* **ASSIGNMENT**
In the records below, some lines hold the word "fitted". Copy each of those lines.

* **MATERIAL SUPPLIED**
::::::
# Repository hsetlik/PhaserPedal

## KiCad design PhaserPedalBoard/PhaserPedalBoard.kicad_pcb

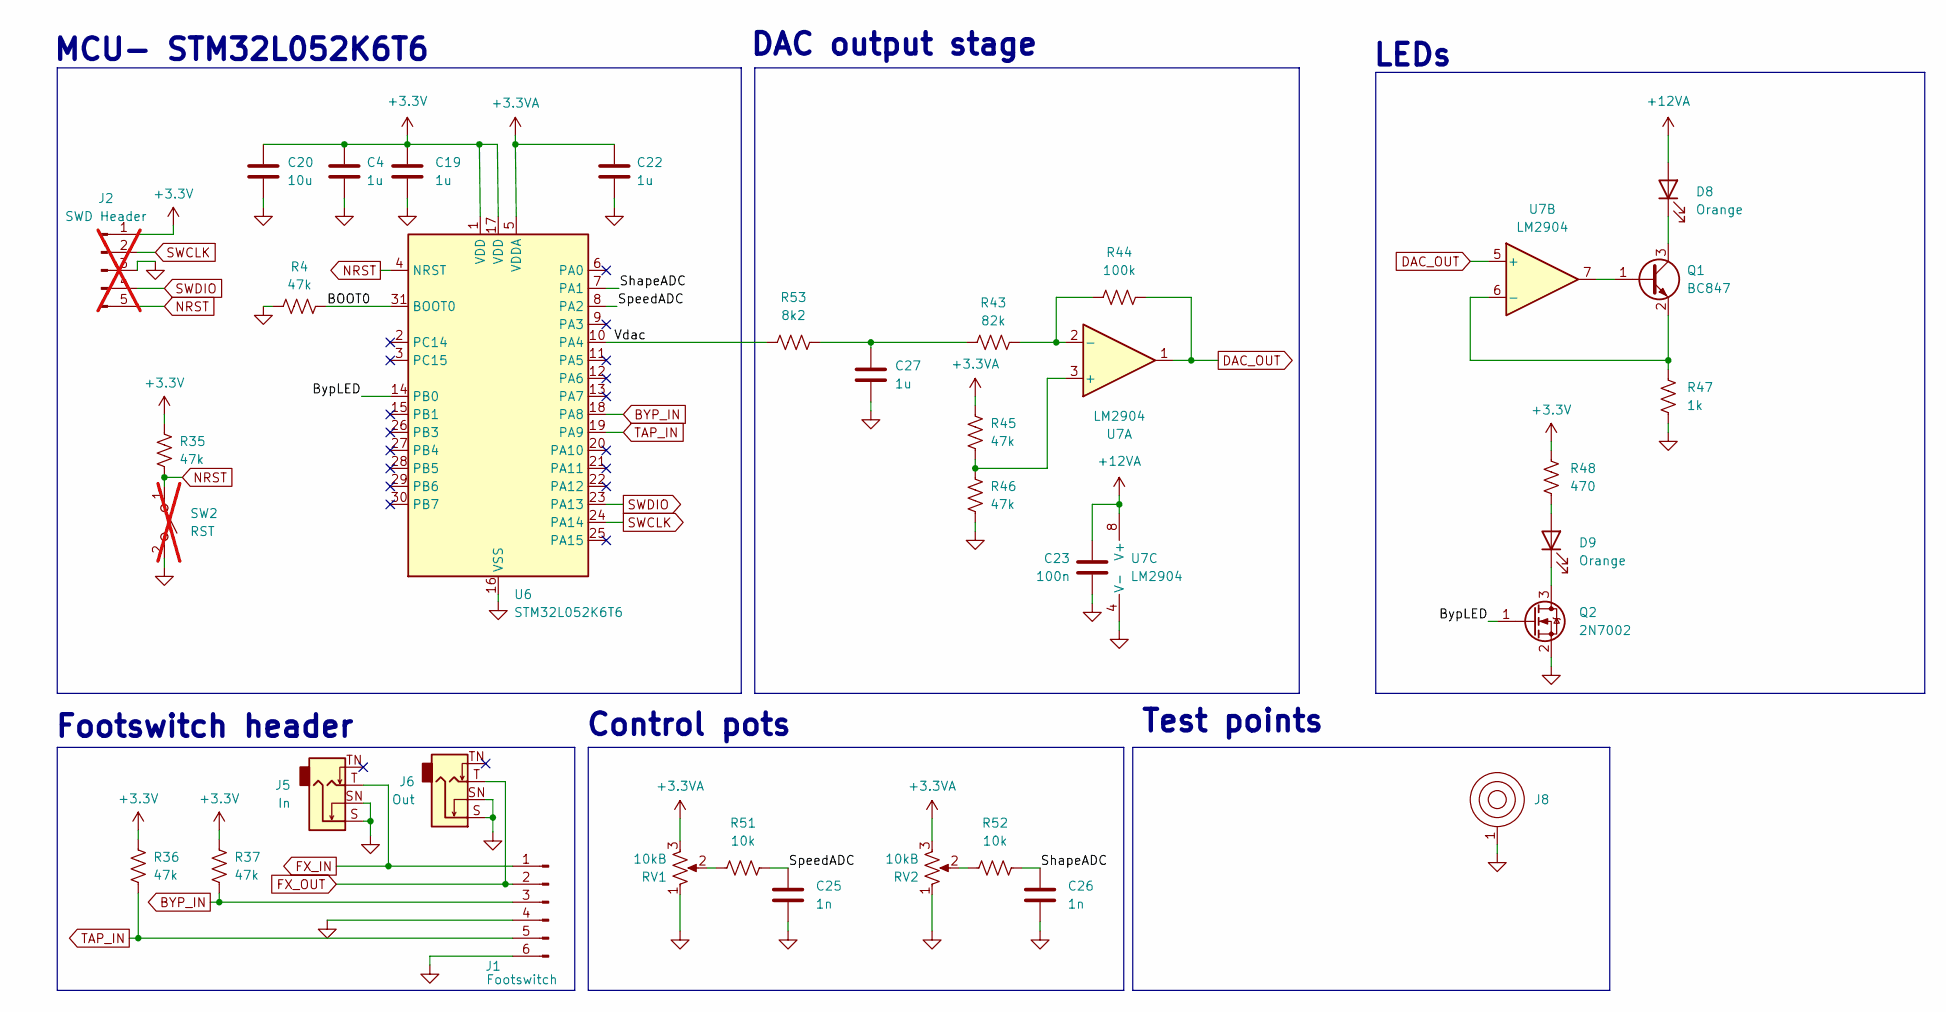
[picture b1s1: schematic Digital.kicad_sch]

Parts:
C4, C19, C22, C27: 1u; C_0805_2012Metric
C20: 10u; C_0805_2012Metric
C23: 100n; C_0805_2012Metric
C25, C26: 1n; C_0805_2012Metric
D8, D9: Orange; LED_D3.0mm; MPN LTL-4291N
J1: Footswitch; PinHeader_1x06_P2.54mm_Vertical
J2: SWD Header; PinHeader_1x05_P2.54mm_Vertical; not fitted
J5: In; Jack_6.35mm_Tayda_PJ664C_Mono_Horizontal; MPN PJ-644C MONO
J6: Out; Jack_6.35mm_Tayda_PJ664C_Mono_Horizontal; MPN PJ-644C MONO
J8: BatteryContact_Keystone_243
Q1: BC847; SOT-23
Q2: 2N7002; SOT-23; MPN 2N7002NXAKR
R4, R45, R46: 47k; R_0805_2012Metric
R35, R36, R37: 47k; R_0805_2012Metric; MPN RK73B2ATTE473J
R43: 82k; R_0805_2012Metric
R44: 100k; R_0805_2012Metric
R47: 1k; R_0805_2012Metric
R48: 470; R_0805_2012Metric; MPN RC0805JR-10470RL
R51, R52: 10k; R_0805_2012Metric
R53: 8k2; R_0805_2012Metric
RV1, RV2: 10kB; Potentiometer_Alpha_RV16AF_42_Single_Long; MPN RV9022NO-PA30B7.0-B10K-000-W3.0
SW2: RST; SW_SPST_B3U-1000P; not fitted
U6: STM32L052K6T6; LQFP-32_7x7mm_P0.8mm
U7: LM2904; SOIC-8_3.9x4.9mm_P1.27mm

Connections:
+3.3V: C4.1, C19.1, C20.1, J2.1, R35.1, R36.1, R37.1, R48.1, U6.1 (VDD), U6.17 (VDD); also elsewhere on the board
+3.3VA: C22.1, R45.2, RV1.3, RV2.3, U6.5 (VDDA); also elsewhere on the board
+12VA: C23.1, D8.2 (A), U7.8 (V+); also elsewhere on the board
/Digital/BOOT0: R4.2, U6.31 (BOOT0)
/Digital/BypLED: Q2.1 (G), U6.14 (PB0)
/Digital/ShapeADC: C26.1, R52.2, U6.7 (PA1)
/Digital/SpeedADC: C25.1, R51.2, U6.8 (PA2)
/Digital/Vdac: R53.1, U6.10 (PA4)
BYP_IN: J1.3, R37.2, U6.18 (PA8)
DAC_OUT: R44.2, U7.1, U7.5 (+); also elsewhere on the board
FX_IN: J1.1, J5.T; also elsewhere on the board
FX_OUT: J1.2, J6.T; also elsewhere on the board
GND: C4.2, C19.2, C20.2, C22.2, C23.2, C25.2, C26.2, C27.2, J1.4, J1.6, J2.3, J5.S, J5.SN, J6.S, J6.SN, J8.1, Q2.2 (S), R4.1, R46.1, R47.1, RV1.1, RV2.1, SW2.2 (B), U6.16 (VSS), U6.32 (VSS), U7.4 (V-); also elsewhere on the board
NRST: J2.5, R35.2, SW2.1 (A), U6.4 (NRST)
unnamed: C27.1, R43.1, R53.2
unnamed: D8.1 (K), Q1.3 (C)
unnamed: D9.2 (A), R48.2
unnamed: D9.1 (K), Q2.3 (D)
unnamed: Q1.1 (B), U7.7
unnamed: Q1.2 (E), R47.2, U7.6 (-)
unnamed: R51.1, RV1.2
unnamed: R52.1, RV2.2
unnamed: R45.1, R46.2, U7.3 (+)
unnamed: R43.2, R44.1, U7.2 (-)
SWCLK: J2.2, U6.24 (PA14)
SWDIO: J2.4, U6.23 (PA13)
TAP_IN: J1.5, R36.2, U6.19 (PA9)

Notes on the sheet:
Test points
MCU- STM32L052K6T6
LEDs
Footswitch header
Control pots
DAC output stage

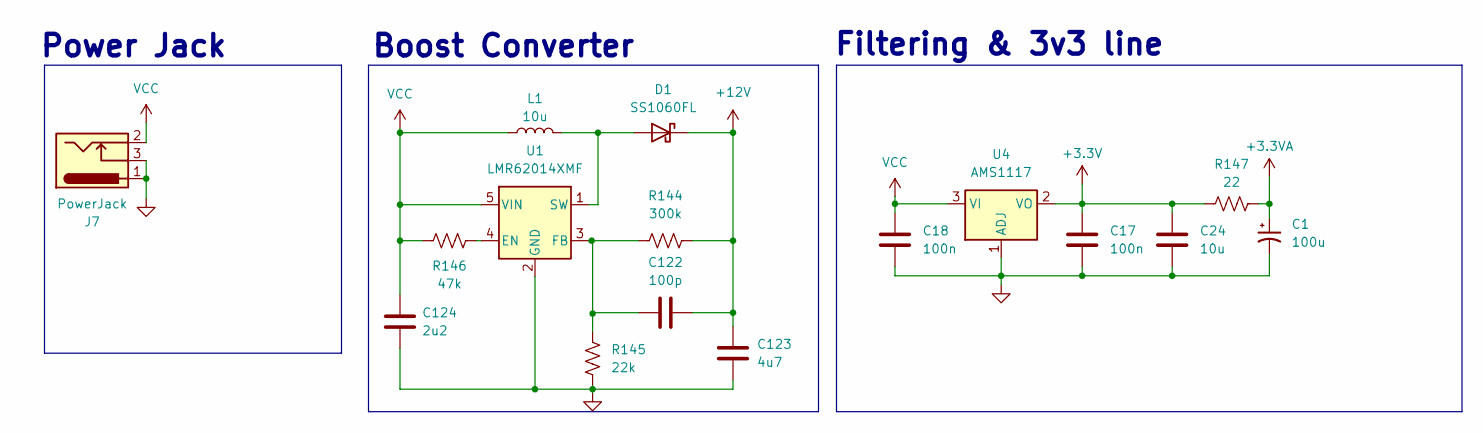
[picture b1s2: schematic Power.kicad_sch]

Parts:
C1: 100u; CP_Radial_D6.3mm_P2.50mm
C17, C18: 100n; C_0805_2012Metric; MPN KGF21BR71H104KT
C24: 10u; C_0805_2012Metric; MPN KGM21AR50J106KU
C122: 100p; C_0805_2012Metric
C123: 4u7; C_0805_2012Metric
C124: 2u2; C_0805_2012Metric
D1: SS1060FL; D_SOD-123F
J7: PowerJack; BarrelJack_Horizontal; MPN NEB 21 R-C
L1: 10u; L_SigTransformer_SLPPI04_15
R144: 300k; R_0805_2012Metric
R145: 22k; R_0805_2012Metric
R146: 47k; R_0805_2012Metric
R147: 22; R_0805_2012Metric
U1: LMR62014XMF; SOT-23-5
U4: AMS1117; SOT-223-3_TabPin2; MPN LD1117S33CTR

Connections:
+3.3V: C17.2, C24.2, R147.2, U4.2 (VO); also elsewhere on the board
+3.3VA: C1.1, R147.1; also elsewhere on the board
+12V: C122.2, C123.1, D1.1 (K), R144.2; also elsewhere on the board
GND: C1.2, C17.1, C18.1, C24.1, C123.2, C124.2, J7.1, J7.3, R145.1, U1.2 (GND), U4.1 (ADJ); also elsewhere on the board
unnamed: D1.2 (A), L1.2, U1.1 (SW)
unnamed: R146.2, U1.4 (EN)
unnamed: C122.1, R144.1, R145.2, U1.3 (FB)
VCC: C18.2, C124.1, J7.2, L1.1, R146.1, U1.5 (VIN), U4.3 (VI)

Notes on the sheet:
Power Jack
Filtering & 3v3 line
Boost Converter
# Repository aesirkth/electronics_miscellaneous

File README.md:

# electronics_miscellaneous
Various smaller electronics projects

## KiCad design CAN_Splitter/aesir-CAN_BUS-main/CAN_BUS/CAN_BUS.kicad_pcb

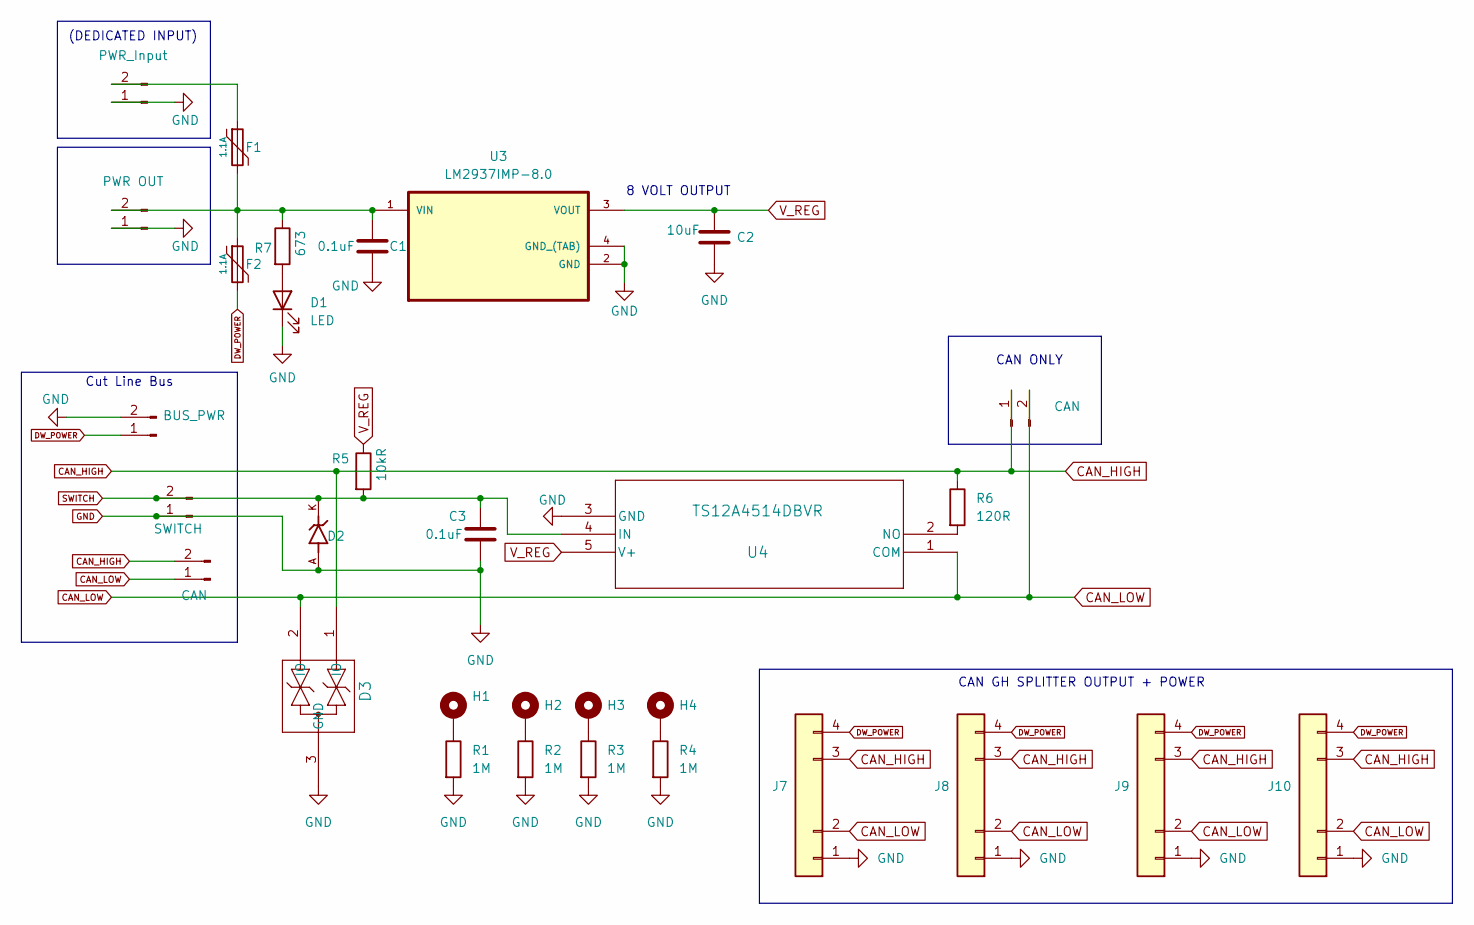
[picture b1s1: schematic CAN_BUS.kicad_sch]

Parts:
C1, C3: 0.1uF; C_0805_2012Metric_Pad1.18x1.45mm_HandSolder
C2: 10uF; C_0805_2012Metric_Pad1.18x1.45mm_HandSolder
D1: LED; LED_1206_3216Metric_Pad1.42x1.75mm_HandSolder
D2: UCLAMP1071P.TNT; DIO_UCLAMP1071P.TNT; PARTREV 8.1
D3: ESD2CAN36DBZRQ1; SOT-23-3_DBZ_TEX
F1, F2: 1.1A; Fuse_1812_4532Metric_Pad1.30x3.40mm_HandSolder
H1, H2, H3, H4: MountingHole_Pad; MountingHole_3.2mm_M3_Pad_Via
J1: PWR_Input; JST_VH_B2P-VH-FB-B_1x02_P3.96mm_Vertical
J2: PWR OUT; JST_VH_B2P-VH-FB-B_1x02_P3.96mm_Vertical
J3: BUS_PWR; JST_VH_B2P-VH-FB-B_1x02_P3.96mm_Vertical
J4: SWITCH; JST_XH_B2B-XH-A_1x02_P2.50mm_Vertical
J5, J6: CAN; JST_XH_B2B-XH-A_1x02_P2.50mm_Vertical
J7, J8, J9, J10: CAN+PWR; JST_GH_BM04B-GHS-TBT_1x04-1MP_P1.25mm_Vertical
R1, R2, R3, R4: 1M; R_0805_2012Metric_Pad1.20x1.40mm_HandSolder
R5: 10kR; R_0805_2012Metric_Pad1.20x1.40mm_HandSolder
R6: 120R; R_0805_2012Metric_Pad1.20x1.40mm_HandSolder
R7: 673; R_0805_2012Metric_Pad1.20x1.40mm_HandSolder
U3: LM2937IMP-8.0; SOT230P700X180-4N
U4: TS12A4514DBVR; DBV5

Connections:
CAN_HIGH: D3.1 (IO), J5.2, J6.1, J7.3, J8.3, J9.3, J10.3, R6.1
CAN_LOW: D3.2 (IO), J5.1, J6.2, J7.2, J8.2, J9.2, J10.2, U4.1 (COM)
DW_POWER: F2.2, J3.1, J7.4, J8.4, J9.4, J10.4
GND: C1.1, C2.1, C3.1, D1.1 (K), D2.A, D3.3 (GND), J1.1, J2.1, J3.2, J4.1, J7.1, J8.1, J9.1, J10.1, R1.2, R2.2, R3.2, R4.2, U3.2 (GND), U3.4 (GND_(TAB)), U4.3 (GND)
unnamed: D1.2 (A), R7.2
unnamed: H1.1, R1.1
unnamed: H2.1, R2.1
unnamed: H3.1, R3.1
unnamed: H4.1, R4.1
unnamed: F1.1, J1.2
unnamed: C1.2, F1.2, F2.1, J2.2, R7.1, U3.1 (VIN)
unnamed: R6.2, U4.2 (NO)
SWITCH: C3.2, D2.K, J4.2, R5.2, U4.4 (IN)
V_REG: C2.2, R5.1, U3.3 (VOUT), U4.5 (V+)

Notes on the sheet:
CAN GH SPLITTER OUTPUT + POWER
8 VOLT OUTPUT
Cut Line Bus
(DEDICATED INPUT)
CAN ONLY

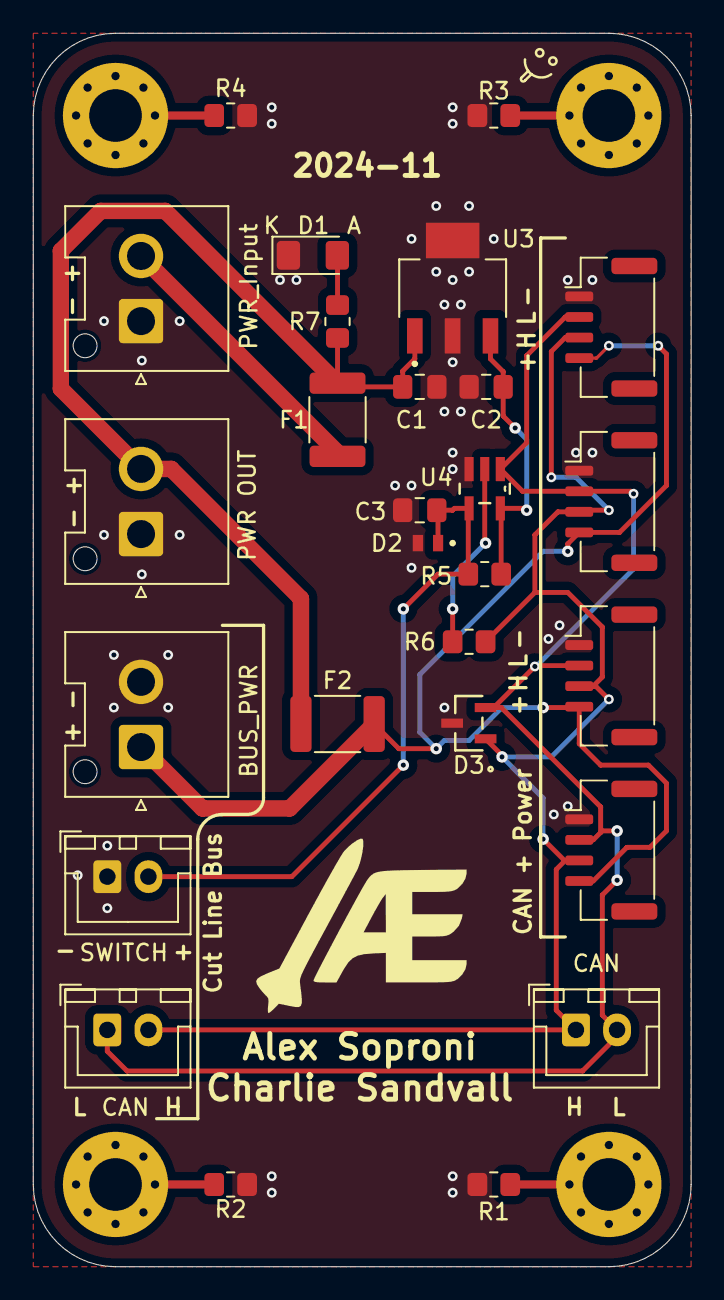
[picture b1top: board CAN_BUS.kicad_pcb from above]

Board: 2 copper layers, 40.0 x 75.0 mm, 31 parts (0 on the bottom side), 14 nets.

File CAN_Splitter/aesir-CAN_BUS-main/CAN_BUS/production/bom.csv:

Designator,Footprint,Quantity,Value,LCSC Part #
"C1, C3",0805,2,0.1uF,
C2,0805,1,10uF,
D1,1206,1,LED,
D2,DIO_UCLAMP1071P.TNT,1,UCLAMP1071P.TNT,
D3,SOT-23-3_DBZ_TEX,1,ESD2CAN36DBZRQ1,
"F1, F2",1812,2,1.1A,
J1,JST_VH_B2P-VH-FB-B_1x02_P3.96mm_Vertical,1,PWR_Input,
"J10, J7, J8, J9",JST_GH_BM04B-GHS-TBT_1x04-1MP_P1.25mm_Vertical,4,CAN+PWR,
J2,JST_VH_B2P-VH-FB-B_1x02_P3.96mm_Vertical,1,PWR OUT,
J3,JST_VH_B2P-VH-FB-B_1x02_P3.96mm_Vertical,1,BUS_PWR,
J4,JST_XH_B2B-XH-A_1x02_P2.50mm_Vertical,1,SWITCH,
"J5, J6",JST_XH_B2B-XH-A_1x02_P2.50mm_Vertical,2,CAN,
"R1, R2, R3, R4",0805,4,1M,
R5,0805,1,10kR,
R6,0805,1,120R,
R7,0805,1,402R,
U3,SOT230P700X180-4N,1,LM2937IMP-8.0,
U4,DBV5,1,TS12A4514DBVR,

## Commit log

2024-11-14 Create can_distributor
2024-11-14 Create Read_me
::::::
* **RESULT OF THIS EXERCISE**
J2: SWD Header; PinHeader_1x05_P2.54mm_Vertical; not fitted
SW2: RST; SW_SPST_B3U-1000P; not fitted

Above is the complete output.